# APHA/AQHA pleasure driving gear question



## greentree (Feb 27, 2013)

Jerald carts, although there were a couple of manufacturers other than Jerald. 

They do not have breeching because they are using fine harnesses. There is no need for "brakes" (what breeching is) because they are only driven in an arena. They are also not ever going to go fast enough to need to stop the cart with their hips, lol.
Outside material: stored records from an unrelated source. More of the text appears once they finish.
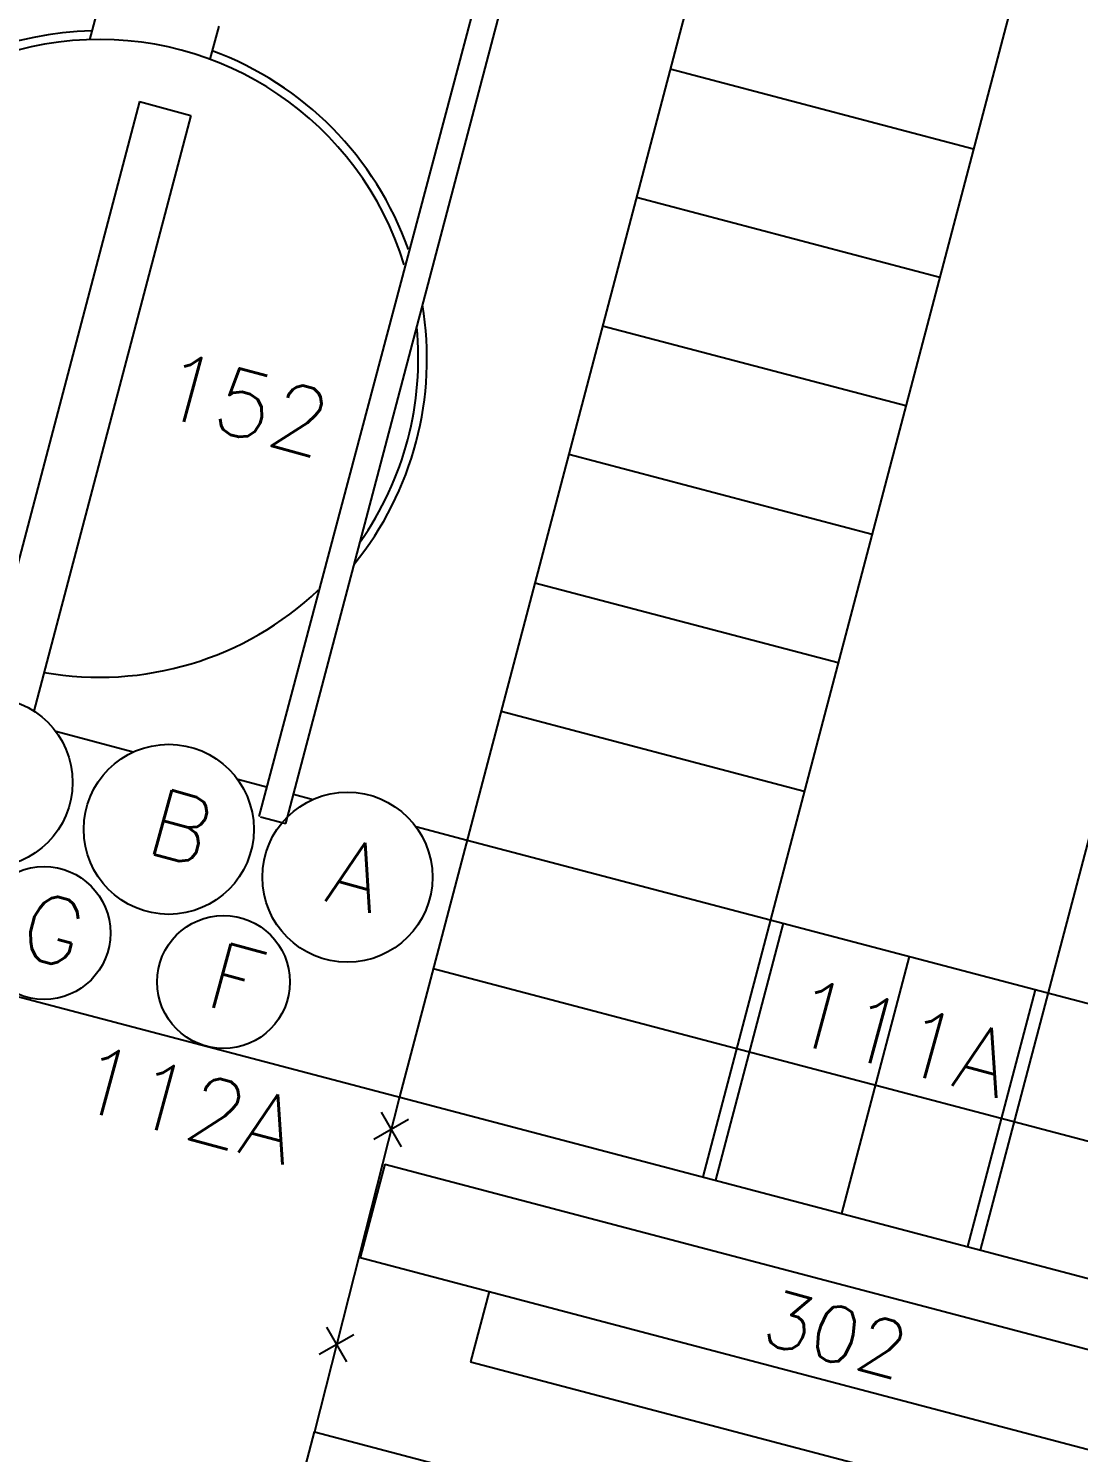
# Model space of a CAD drawing. Extents: x -16413 to 78405, y -232 to 83089.
# Drawn here: x 16223 to 18594, y 26590 to 29805 of the extents above; entities that cross this region are included whole.
import ezdxf
from ezdxf.enums import TextEntityAlignment as Align

# ---------------------------------------------------------------- set-up
doc = ezdxf.new("R2010")
doc.units = 0
doc.header["$LTSCALE"] = 350
doc.header["$MEASUREMENT"] = 0
doc.layers.add('BACKGROUND', color=7, linetype='CONTINUOUS')
doc.styles.add('SIMPLEX', font='SIMPLEX')

msp = doc.modelspace()

# ---------------------------------------------------------------- linework, layer by layer
at = {"layer": 'BACKGROUND'}
for p, q in [((20126.9, 39029.3), (17060.5, 27392.5)), ((20811.5, 38848.8), (17898, 27792.3)), ((21438.1, 38683.7), (18371.7, 27047)), ((17286.8, 30073.1), (16743.3, 28026.1)), ((16804.3, 28010), (17343.9, 30058.1)), ((16388.4, 29882.1), (16360.5, 29779.8)), ((16652.9, 29810.5), (16632.5, 29735.6)), ((18356.6, 29532.9), (17672, 29713.3)), ((16473.9, 29640.4), (16119.2, 28294.5)), ((16473.9, 29640.4), (16589.7, 29608.8)), ((16589.7, 29608.8), (16235.3, 28263.9)), ((18280.2, 29242.8), (17595.6, 29423.2)), ((18203.8, 28952.7), (17519.1, 29133.1)), ((18127.3, 28662.6), (17442.7, 28843)), ((18050.9, 28372.5), (17366.2, 28552.9)), ((17974.4, 28082.4), (17289.8, 28262.8)), ((16459.5, 28171.4), (16284.9, 28217.4)), ((16760.7, 28092), (16695.4, 28109.2)), ((16821.6, 28075.9), (16865.4, 28064.4)), ((16747.1, 28025), (16804.3, 28010)), ((17097.2, 28003.3), (17213.4, 27972.7)), ((17213.4, 27972.7), (22330.7, 26624.3)), ((17898, 27792.3), (17745.1, 27212.1)), ((17927, 27784.7), (17774.1, 27204.5)), ((18211.3, 27709.7), (18058.4, 27129.5)), ((16074.2, 27652.4), (37112, 22108.7)), ((17136.9, 27682.6), (27951.8, 24832.8)), ((18495.6, 27634.8), (18342.7, 27054.6)), ((17060.5, 27392.5), (16868.5, 26636.5)), ((17080.9, 27341.4), (17002.8, 27296.7)), ((17019.5, 27358.1), (17064.2, 27280)), ((17027.7, 27240.8), (16972.2, 27030)), ((17027.7, 27240.8), (19126.1, 26687.9)), ((16972.2, 27030), (19070.5, 26477)), ((17262.7, 26953.4), (17221, 26794.8)), ((16957.6, 26855.8), (16879.4, 26811.1)), ((16896.2, 26872.5), (16940.8, 26794.4)), ((17221, 26794.8), (18636.6, 26421.8)), ((16807.3, 26404.4), (16868.5, 26636.5)), ((16868.5, 26636.5), (17216.6, 26544.7))]:
    msp.add_line(p, q, dxfattribs=at)
for centre, radius in [((16130.8, 28102.9), 192), ((16539.7, 27996.9), 192), ((16943.1, 27888.8), 192), ((16258.2, 27762.7), 150), ((16663.4, 27652.2), 150)]:
    msp.add_circle(centre, radius, dxfattribs=at)
for radius, start, end in [(739.7, 91.3242, 250.5856), (720, 17.0486, 250.4581), (739.7, 19.4278, 69.8641), (739.7, 321.0795, 9.3953), (720, 324.8513, 5.6235), (720, 260.0193, 313.4263)]:
    msp.add_arc((16383, 29060.2), radius, start, end, dxfattribs=at)

# ---------------------------------------------------------------- texts
at = {"layer": 'BACKGROUND', "style": 'SIMPLEX'}
for s, height, p in [('152', 150, (16505.3, 28935.2)), ('B', 150, (16482.3, 27947.1)), ('A', 150, (16887.5, 27836.7)), ('G', 150, (16193.8, 27715.3)), ('F', 150, (16615.7, 27600.6)), ('112A', 150, (16318.8, 27370.1)), ('302', 126.56, (17872.2, 26838.6))]:
    msp.add_text(s, height=height, rotation=344.75, dxfattribs=at).set_placement(p)
msp.add_text('111A', height=150, rotation=344.75, dxfattribs=at).set_placement((18171.7, 27455), align=Align.CENTER)

doc.saveas('drawing.dxf')

You will also notice the " overcheck" , which is designed to keep the horse's head UP, is flopping around on their necks, obviously not holding any heads UP.


----------



## PintoJumper (Nov 21, 2012)

Thank you for clarifying!


----------



## PintoJumper (Nov 21, 2012)

can you link me to the correct harness to purchase? I found this one but it has bad reviews


----------



## greentree (Feb 27, 2013)

Do you need a cart?? I have a beautiful Jerald show cart for sale. Unfortunately, I sold my harness. It was this one:

Platinum Performance Show Harness | Walsh Equestrian Equipment

Don't buy any harness new off of ebay......


----------



## GreySorrel (Mar 5, 2012)

I have a beautiful harness that was used at the AQHA congress show...There are a few minor repairs but will sell it for a great price, well below what it is worth. If your interested please pm me, I am selling for a friend who wants to get rid of that AND a Jerald cart too....I can probably get a good price for you on that too.


----------



## churumbeque (Dec 20, 2009)

Do a search for fine harness.


----------